Ist schon spät , ich merk' jetzt erst, daß man den Ball noch gar nicht treffen kann. Alles Wichtige steht bei Steev.


----------



## Jhonny (14. Feb 2010)

Hab mir die codes angeschaut und bin blick es immer noch nicht :autsch:
das ist ja nur eine abfrage die ich machen müßte ... also ob das rechteck den kreis berührt. und das frage ich mit contains soweit ich weiß...
aber ich weiß nicht sorecht wo genau ich das schreiben soll . hab ja nicht extra eine klasse für das rechteckt gemacht...........


----------



## Steev (14. Feb 2010)

Normalerweise solltest du den Ball, den Spieler usw. in Extraklassen auslagern. Wenn du das erstmal gemacht hast, dann brauchst du bei der Klasse spielert nur noch eine Methode hitBall(Ball ball) oder so machen und kannst dann einfach abfragen, ob der Spieler den Ball berührt um dann entsprechend zu reagieren.
Beim Abprallen wird in der Regel bei PingPong noch die Y-Geschwindigkeit des Balles entsprechend der Aufprallposition neu berechnet. Den Code hatte ich aber bei einem der beiden Themen schon gepostet.
Guck dir vieleicht einfach mal den Code von Quaxli an, da steht eigendlich alles drin, was du machen musst. Die Abfrage, ob der Ball den Spieler berührt musst du direkt nach der Positionsveränderung des Balles schreiben, damit du direkt reagieren kannst.
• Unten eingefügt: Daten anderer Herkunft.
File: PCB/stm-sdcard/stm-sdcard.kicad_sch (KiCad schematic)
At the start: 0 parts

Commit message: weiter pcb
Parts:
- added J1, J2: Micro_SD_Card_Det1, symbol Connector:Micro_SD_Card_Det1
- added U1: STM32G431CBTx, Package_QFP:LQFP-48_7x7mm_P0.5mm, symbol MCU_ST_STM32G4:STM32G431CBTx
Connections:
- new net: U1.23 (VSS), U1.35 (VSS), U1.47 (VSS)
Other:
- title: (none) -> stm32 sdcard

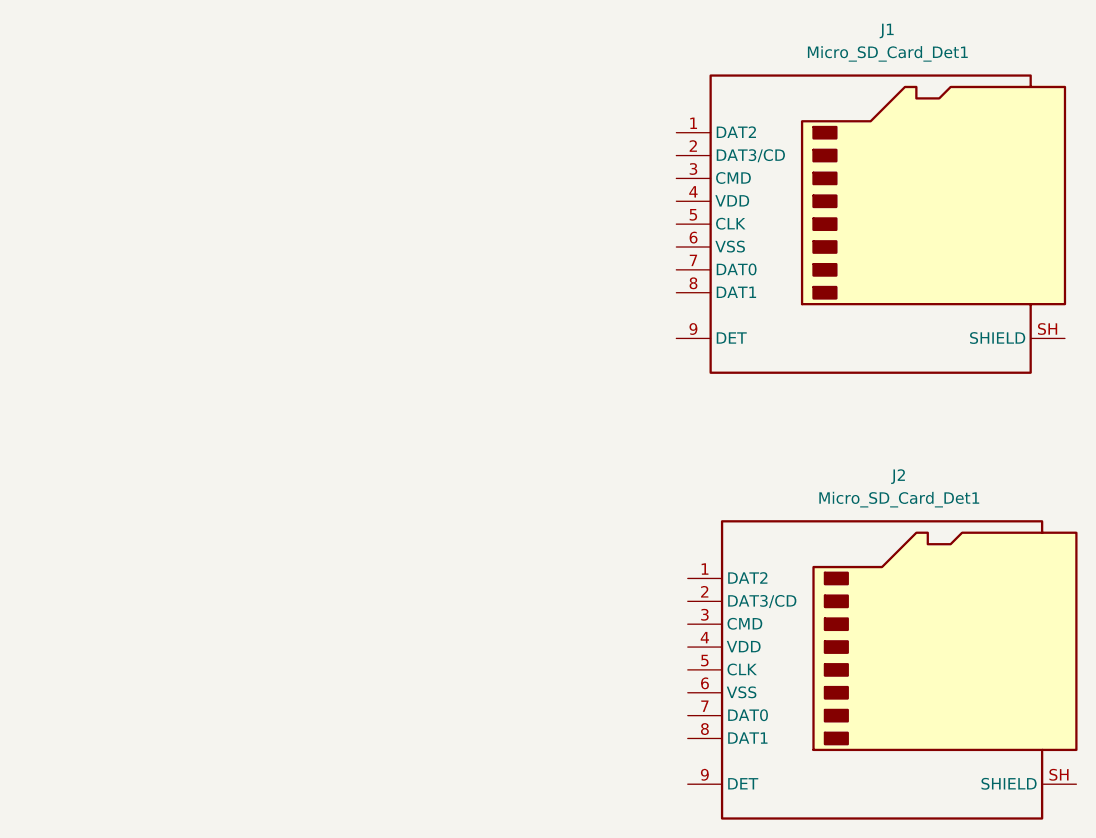
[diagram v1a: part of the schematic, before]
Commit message: added sdcard from jlc
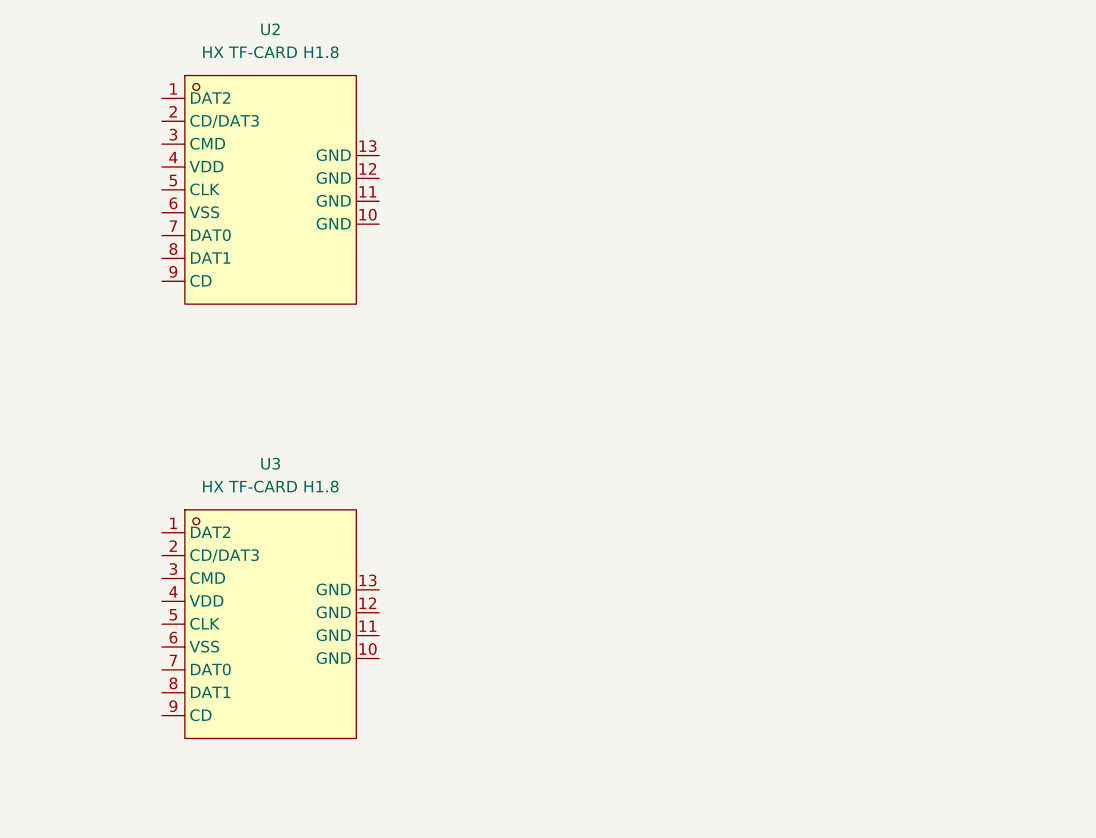
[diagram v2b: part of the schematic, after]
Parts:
- removed J1, J2: Micro_SD_Card_Det1, symbol Connector:Micro_SD_Card_Det1
- added U2, U3: HX TF-CARD H1.8, 1_hanxia_sd_slot:TF-SMD_HX-TF-CARD-H1.8-SY, symbol 1_hanxia_sd_slot:HXTF-CARDH1.8
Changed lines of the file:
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@@
 	)
 	(symbol
-		(lib_id "Connector:Micro_SD_Card_Det1")
-		(at 227.33 64.77 0)
+		(lib_id "1_hanxia_sd_slot:HXTF-CARDH1.8")
+		(at 160.02 60.96 0)
 		(unit 1)
 		(body_style 1)
@@
 		(dnp no)
 		(fields_autoplaced yes)
-		(property "Reference" "J1"
-			(at 227.965 43.18 0)
-			(show_name no)
-			(do_not_autoplace no)
-			(effects
-				(font
-					(size 1.27 1.27)
-				)
-			)
-		)
-		(property "Value" "Micro_SD_Card_Det1"
-			(at 227.965 45.72 0)
-			(show_name no)
-			(do_not_autoplace no)
-			(effects
-				(font
-					(size 1.27 1.27)
-				)
-			)
-		)
-		(property "Footprint" ""
-			(at 279.4 46.99 0)
-			(hide yes)
-			(show_name no)
-			(do_not_autoplace no)
-			(effects
-				(font
-					(size 1.27 1.27)
-				)
-			)
-		)
-		(property "Datasheet" "https://datasheet.lcsc.com/lcsc/2110151630_XKB-Connectivity-XKTF-015-N_C381082.pdf"
-			(at 227.33 62.23 0)
-			(hide yes)
-			(show_name no)
-			(do_not_autoplace no)
-			(effects
-				(font
-					(size 1.27 1.27)
-				)
-			)
-		)
-		(property "Description" "Micro SD Card Socket with one card detection pin"
-			(at 227.33 64.77 0)
-			(hide yes)
-			(show_name no)
-			(do_not_autoplace no)
-			(effects
-				(font
-					(size 1.27 1.27)
-				)
-			)
+		(property "Reference" "U2"
+			(at 159.385 43.18 0)
+			(show_name no)
+			(do_not_autoplace no)
+			(effects
+				(font
+					(size 1.27 1.27)
+				)
+			)
+		)
+		(property "Value" "HX TF-CARD H1.8"
+			(at 159.385 45.72 0)
+			(show_name no)
+			(do_not_autoplace no)
+			(effects
+				(font
+					(size 1.27 1.27)
+				)
+			)
+		)
+		(property "Footprint" "1_hanxia_sd_slot:TF-SMD_HX-TF-CARD-H1.8-SY"
+			(at 160.02 78.74 0)
+			(hide yes)
+			(show_name no)
+			(do_not_autoplace no)
+			(effects
+				(font
+					(size 1.27 1.27)
+				)
+			)
+		)
+		(property "Datasheet" "https://www.lcsc.com/datasheet/C19189036.pdf"
+			(at 160.02 81.28 0)
+			(hide yes)
+			(show_name no)
+			(do_not_autoplace no)
+			(effects
+				(font
+					(size 1.27 1.27)
+				)
+			)
+		)
+		(property "Description" ""
+			(at 160.02 60.96 0)
+			(hide yes)
+			(show_name no)
+			(do_not_autoplace no)
+			(effects
+				(font
+					(size 1.27 1.27)
+				)
+			)
+		)
+		(property "Manufacturer" "hanxia(韩下)"
+			(at 160.02 83.82 0)
+			(hide yes)
+			(show_name no)
+			(do_not_autoplace no)
+			(effects
+				(font
+					(size 1.27 1.27)
+				)
+			)
+		)
+		(property "MPN" "HX TF-CARD H1.8"
+			(at 160.02 86.36 0)
+			(hide yes)
+			(show_name no)
+			(do_not_autoplace no)
+			(effects
+				(font
+					(size 1.27 1.27)
+				)
+			)
+		)
+		(property "LCSC Part" "C19189036"
+			(at 160.02 88.9 0)
+			(hide yes)
+			(show_name no)
+			(do_not_autoplace no)
+			(effects
+				(font
+					(size 1.27 1.27)
+				)
+			)
+		)
+		(pin "13"
+		)
+		(pin "8"
+		)
+		(pin "12"
+		)
+		(pin "10"
+		)
+		(pin "1"
 		)
 		(pin "9"
 		)
+		(pin "2"
+		)
+		(pin "3"
+		)
+		(pin "4"
+		)
+		(pin "5"
+		)
+		(pin "6"
+		)
 		(pin "7"
 		)
-		(pin "5"
-		)
-		(pin "4"
-		)
-		(pin "6"
-		)
-		(pin "3"
-		)
-		(pin "2"
-		)
-		(pin "SH"
-		)
-		(pin "1"
-		)
-		(pin "8"
+		(pin "11"
 		)
 		(instances
 			(project "stm-sdcard"
 				(path "/8c3b7987-8bc9-4c61-81e1-e087d84e40be"
-					(reference "J1")
+					(reference "U2")
 					(unit 1)
 				)
@@
 	)
 	(symbol
-		(lib_id "Connector:Micro_SD_Card_Det1")
-		(at 228.6 114.3 0)
+		(lib_id "1_hanxia_sd_slot:HXTF-CARDH1.8")
+		(at 160.02 109.22 0)
 		(unit 1)
 		(body_style 1)
@@
 		(dnp no)
 		(fields_autoplaced yes)
-		(property "Reference" "J2"
-			(at 229.235 92.71 0)
-			(show_name no)
-			(do_not_autoplace no)
-			(effects
-				(font
-					(size 1.27 1.27)
-				)
-			)
-		)
-		(property "Value" "Micro_SD_Card_Det1"
-			(at 229.235 95.25 0)
-			(show_name no)
-			(do_not_autoplace no)
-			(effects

Die X-Geschwindigkeit wird dann einfach nur invertiert und die Y-Geschwindigkeit entsprechend folgendem Codes neu initialisiert:

[Java]    x_speed = -x_speed;
    // Y-Position muss zwischen player.y_pos und player.y_pos + player.height liegen
    double yp = y_pos - player.y_pos + (player.height / 2.);
    double pw = 100 * yp / (player.height / 2.);
    y_speed = pw * max_y_speed;[/Java]

Falls du Probleme damit hast, die Klassen zu erstellen kannst du dich ja nochmal melden.

Gruß
Steev


----------